++++ DATA SHOWN ++++

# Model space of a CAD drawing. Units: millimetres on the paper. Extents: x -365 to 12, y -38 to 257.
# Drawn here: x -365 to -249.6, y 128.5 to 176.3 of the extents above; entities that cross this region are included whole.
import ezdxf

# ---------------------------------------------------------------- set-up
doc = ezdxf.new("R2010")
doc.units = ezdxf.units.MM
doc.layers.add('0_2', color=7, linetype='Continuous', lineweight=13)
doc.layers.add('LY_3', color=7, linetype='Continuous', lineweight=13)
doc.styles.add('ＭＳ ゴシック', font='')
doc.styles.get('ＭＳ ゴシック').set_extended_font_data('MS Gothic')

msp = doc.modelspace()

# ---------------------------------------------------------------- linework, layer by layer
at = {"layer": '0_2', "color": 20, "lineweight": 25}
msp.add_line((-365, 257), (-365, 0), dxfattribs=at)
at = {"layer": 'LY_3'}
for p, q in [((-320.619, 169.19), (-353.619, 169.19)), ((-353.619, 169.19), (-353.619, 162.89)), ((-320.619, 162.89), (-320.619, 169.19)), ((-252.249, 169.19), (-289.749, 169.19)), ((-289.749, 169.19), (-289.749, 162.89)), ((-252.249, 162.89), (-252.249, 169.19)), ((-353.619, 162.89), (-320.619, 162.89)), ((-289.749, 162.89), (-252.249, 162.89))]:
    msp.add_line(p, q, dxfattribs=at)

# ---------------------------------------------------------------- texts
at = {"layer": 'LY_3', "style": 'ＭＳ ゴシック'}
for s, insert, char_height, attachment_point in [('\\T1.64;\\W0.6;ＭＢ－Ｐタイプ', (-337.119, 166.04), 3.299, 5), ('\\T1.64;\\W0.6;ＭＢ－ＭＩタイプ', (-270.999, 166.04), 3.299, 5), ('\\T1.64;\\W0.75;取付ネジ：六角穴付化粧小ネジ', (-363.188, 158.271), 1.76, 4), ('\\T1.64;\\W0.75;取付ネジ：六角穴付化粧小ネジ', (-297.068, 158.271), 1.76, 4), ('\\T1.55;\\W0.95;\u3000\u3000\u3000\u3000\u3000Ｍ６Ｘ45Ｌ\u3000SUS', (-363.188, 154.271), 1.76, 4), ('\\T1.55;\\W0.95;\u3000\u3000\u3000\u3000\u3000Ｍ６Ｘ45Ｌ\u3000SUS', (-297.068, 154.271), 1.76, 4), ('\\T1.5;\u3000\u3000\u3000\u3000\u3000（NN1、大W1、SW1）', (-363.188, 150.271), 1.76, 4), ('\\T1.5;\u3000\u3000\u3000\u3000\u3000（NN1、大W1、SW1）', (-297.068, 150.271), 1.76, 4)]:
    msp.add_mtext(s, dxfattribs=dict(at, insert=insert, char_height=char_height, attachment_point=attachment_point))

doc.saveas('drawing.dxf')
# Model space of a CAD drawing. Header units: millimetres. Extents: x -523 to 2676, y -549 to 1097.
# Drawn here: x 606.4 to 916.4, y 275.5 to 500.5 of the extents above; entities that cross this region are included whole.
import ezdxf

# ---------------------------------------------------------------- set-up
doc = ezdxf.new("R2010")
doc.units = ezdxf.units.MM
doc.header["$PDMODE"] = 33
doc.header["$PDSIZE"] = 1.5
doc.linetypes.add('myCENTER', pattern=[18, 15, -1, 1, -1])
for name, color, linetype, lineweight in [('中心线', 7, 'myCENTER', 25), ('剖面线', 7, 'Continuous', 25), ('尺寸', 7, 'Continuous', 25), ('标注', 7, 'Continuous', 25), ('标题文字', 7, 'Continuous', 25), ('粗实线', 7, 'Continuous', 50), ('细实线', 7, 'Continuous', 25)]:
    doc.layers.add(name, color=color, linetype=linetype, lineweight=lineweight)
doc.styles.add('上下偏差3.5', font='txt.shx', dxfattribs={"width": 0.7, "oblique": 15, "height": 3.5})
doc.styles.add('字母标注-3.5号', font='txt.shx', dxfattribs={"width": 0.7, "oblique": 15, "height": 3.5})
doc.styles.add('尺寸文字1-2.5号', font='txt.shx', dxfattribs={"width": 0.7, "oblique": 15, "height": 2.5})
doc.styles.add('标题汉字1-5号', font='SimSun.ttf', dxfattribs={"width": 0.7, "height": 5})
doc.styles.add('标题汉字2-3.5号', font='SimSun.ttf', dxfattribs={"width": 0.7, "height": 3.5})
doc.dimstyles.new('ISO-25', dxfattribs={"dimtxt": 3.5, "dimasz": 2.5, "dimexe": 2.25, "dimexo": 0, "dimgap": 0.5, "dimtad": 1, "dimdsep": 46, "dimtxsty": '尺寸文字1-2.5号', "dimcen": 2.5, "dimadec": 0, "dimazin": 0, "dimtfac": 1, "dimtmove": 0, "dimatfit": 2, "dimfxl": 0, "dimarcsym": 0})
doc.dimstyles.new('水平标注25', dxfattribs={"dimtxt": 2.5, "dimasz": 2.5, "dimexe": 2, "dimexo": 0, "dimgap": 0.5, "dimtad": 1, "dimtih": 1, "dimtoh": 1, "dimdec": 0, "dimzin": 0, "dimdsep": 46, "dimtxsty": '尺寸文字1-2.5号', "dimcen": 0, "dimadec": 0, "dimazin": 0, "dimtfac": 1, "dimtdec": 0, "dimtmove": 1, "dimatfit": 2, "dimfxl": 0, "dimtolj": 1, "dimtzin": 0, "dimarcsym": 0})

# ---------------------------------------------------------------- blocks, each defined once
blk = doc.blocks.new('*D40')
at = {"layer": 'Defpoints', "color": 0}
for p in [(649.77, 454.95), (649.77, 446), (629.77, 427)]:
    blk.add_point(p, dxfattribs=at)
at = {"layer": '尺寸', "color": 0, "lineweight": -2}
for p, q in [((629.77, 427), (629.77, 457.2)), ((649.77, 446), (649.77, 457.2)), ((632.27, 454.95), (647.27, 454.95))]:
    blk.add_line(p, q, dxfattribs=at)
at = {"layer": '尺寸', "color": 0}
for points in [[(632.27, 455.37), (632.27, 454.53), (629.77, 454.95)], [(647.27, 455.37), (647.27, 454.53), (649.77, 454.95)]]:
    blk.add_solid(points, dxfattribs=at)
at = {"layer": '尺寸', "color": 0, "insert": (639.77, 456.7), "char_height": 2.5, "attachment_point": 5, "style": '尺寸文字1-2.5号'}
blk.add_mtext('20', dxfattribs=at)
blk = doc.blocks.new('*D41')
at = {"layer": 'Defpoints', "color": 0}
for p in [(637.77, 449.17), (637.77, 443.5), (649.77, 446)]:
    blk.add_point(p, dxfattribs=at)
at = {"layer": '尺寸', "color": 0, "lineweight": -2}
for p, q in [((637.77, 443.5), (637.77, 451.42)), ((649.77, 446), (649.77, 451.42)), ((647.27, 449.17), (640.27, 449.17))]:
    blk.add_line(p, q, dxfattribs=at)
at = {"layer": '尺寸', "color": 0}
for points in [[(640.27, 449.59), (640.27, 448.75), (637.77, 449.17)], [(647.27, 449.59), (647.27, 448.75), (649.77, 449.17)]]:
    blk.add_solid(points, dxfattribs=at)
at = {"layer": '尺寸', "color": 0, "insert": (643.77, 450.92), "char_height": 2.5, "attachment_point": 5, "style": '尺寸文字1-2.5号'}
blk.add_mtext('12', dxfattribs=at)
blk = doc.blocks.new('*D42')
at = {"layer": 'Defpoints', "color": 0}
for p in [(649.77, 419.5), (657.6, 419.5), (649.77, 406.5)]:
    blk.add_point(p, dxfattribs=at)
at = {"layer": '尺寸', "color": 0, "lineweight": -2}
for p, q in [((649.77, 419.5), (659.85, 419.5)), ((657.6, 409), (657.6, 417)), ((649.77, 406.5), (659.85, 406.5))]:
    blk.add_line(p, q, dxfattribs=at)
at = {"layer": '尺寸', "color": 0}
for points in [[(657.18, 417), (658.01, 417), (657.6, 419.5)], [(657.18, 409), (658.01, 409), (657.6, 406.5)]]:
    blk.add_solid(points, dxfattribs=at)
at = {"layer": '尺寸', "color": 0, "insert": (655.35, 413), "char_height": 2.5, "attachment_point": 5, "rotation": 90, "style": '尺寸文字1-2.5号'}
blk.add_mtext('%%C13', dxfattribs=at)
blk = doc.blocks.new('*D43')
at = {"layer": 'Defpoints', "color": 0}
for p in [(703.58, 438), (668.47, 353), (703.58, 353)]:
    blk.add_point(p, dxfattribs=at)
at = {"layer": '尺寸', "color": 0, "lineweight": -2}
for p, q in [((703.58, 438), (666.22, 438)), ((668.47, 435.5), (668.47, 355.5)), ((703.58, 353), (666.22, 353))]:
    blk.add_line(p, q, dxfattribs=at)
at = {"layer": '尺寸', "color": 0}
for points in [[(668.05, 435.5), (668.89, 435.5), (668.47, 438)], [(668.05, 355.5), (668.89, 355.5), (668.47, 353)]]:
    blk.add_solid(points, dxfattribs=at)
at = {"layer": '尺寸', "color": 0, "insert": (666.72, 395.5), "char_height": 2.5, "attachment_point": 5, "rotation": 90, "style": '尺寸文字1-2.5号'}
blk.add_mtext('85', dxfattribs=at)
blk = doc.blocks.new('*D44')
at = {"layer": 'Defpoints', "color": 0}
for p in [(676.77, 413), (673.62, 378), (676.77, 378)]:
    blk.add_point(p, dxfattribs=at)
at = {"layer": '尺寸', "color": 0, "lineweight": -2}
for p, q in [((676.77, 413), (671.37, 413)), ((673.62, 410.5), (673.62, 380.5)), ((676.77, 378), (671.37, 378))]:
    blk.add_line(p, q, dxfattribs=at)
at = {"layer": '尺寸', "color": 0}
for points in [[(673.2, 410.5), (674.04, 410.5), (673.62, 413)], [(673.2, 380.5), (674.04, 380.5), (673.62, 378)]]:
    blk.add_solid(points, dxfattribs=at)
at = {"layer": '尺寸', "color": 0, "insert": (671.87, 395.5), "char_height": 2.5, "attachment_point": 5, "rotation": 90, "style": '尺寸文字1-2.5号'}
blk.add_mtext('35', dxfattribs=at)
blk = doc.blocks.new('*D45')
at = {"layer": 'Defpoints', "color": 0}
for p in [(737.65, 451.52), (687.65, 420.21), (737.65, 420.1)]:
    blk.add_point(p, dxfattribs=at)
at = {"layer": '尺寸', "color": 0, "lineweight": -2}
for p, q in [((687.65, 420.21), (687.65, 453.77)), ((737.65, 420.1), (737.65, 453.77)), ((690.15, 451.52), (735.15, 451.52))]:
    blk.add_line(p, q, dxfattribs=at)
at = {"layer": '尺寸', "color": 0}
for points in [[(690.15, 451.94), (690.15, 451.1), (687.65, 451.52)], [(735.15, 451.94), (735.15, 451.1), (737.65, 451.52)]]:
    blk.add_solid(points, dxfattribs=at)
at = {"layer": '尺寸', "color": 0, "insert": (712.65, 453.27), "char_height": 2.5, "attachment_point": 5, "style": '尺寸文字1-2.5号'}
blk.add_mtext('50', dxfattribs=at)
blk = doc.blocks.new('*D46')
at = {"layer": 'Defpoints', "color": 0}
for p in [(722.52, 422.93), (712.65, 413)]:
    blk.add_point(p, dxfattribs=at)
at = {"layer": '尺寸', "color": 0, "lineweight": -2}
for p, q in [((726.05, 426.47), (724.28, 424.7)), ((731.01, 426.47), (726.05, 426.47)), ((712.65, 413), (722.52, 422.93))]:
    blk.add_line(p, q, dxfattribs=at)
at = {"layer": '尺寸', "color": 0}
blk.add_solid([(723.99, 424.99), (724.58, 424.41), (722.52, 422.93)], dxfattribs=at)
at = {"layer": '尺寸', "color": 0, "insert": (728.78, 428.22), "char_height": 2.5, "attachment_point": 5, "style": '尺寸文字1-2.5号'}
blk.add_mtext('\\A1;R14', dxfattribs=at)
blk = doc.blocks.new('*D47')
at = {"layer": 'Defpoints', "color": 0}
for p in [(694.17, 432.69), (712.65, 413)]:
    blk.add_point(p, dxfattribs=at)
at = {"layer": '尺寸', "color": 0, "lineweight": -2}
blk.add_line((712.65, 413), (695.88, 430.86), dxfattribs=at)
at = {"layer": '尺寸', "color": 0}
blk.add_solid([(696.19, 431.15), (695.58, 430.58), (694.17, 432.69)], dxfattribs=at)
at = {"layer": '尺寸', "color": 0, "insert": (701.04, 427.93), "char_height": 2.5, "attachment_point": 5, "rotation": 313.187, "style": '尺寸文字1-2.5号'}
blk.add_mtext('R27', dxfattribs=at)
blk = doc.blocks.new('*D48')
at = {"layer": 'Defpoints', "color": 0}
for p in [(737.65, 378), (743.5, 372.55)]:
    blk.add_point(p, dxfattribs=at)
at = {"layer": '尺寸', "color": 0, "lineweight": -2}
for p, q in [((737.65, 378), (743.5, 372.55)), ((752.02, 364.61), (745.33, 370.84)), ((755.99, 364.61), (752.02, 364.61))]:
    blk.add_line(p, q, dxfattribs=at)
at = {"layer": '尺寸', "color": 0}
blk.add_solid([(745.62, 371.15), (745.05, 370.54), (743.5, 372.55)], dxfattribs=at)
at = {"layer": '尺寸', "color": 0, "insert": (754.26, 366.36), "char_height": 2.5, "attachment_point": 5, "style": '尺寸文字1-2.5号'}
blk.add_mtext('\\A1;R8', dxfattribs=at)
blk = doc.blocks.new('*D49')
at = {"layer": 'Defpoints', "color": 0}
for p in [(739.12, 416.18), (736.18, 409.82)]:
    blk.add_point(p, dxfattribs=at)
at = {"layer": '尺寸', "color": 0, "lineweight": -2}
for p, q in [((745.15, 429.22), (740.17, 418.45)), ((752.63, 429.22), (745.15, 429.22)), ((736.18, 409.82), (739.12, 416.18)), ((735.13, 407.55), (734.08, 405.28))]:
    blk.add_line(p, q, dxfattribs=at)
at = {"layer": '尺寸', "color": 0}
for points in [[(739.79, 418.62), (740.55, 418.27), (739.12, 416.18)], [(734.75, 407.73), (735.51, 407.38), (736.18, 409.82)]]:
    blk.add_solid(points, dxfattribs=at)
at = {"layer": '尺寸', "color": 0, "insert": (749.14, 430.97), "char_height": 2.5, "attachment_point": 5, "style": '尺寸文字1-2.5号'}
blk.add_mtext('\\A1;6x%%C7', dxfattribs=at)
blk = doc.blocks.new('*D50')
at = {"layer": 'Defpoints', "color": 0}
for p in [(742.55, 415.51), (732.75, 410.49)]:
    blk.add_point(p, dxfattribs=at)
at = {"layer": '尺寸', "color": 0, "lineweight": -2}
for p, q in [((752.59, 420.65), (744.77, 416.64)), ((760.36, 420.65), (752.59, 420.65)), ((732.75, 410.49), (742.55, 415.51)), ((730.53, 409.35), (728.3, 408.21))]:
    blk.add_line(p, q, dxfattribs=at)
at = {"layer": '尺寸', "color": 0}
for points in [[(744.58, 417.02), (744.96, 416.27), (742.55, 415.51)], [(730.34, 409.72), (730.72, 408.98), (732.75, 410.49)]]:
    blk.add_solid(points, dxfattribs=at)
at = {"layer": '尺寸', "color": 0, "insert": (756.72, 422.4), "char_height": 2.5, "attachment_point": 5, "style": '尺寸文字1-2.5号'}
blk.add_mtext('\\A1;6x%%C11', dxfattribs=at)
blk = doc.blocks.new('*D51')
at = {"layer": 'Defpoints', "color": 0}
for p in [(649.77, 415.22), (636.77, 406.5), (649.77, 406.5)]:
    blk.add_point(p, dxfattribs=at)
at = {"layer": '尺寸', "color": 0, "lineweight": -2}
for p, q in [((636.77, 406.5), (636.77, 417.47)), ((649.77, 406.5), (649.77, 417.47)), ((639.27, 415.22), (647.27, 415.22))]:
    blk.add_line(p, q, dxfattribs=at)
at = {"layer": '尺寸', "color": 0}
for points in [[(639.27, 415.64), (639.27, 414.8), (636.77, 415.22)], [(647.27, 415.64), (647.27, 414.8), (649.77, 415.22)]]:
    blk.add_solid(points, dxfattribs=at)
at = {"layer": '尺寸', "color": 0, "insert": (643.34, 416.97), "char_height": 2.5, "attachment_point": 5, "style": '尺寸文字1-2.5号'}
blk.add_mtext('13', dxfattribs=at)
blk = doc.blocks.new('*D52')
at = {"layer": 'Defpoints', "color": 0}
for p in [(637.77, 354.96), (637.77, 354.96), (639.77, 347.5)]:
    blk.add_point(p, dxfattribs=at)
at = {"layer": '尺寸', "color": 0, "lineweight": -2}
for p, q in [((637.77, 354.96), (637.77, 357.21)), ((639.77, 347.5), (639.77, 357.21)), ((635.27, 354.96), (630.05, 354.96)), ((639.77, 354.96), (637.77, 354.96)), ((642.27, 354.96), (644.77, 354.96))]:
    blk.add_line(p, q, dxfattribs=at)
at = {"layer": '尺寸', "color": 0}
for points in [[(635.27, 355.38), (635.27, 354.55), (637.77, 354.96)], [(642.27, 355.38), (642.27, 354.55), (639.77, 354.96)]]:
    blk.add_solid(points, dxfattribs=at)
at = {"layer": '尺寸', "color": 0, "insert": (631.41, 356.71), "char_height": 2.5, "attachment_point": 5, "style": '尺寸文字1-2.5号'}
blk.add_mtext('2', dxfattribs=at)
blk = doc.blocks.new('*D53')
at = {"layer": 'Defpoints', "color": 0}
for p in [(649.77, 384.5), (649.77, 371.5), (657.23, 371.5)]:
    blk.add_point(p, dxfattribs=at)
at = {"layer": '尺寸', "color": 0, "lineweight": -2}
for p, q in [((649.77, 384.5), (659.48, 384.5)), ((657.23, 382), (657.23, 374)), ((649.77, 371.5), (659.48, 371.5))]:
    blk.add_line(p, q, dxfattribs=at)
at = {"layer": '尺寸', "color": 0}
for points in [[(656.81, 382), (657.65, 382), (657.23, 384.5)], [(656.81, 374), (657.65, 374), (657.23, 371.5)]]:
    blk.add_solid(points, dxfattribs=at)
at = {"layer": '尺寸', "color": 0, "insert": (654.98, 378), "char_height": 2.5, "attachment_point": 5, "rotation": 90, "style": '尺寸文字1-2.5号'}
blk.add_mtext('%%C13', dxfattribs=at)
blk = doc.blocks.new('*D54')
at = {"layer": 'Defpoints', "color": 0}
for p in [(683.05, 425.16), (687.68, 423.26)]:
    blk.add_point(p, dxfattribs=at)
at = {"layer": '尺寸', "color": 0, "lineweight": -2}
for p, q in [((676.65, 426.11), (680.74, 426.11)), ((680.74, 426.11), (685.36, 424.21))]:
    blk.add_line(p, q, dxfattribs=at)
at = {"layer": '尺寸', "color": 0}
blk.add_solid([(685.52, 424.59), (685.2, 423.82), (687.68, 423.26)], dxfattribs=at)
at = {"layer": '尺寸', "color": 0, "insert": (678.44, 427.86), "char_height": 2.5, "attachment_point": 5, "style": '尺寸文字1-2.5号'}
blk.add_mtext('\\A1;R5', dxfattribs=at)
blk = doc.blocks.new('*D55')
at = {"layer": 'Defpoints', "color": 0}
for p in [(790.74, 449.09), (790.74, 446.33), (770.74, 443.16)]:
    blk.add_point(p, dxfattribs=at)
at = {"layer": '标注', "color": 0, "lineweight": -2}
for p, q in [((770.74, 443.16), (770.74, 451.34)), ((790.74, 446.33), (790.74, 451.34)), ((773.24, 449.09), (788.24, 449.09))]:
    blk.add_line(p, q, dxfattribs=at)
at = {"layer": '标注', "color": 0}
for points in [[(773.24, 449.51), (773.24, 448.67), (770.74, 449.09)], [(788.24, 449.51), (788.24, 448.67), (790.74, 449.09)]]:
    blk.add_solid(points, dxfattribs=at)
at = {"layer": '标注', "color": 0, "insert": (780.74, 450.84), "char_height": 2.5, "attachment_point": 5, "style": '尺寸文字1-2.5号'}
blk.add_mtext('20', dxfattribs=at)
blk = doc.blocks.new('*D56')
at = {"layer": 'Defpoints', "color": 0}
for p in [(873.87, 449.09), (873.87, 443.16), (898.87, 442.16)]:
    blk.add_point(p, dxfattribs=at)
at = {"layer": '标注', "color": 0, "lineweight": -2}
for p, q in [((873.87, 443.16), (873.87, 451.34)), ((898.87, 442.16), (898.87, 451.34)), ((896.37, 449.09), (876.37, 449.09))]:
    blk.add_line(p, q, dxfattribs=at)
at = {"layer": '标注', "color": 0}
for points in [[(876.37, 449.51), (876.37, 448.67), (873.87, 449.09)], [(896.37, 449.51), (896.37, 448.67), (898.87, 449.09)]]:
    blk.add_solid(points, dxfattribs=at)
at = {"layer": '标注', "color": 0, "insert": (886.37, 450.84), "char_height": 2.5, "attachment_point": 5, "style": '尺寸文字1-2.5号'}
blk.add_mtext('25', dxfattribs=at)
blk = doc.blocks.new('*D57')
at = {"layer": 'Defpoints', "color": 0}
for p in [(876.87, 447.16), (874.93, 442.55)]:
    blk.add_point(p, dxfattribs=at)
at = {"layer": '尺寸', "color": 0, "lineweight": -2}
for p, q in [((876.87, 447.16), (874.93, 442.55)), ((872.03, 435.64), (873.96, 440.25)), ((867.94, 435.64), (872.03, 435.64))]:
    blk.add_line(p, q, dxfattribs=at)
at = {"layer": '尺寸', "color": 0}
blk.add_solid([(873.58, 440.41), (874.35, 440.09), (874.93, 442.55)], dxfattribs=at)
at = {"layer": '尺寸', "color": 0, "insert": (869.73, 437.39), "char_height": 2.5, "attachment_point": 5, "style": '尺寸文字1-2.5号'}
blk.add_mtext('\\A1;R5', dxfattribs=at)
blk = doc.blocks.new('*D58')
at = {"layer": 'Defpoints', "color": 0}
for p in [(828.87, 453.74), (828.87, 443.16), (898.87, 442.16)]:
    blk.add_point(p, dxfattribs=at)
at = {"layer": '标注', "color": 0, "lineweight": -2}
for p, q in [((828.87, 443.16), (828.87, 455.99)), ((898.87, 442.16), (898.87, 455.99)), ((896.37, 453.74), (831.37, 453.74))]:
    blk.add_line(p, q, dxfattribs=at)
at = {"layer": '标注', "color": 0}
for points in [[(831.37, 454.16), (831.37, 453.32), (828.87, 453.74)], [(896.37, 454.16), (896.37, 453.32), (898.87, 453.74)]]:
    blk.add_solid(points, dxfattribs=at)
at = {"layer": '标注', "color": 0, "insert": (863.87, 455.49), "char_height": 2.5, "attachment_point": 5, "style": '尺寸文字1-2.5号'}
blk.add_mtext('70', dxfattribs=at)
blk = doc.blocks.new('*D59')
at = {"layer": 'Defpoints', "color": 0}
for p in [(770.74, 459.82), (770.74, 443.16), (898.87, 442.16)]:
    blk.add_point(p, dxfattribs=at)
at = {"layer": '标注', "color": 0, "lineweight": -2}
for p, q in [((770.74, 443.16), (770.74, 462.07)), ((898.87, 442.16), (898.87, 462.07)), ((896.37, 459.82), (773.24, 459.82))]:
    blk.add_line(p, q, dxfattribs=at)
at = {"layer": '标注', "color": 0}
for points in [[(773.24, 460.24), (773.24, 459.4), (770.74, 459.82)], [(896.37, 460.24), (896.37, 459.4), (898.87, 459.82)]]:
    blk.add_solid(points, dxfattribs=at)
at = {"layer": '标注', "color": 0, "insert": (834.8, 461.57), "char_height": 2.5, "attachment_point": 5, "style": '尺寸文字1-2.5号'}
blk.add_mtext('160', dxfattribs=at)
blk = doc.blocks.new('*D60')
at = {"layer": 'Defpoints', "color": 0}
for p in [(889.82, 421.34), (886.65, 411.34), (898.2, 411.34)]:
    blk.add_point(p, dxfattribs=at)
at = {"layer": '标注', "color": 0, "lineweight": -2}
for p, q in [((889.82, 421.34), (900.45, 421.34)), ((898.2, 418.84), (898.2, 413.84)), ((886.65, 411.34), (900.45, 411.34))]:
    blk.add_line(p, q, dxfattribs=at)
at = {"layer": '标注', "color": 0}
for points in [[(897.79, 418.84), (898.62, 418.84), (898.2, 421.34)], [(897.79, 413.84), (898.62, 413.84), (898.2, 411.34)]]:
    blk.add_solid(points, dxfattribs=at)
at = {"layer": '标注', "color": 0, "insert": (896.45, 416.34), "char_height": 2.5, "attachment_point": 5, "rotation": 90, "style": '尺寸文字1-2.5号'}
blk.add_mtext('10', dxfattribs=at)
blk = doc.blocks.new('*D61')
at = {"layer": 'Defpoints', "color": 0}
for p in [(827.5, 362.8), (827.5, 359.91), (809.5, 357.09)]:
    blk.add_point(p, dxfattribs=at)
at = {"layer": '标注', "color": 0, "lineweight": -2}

++++

## TASK STATEMENT
Go through the listing above and return every line where the word "dimtfac" occurs.

## EXERCISE SOLUTION
doc.dimstyles.new('ISO-25', dxfattribs={"dimtxt": 3.5, "dimasz": 2.5, "dimexe": 2.25, "dimexo": 0, "dimgap": 0.5, "dimtad": 1, "dimdsep": 46, "dimtxsty": '尺寸文字1-2.5号', "dimcen": 2.5, "dimadec": 0, "dimazin": 0, "dimtfac": 1, "dimtmove": 0, "dimatfit": 2, "dimfxl": 0, "dimarcsym": 0})
doc.dimstyles.new('水平标注25', dxfattribs={"dimtxt": 2.5, "dimasz": 2.5, "dimexe": 2, "dimexo": 0, "dimgap": 0.5, "dimtad": 1, "dimtih": 1, "dimtoh": 1, "dimdec": 0, "dimzin": 0, "dimdsep": 46, "dimtxsty": '尺寸文字1-2.5号', "dimcen": 0, "dimadec": 0, "dimazin": 0, "dimtfac": 1, "dimtdec": 0, "dimtmove": 1, "dimatfit": 2, "dimfxl": 0, "dimtolj": 1, "dimtzin": 0, "dimarcsym": 0})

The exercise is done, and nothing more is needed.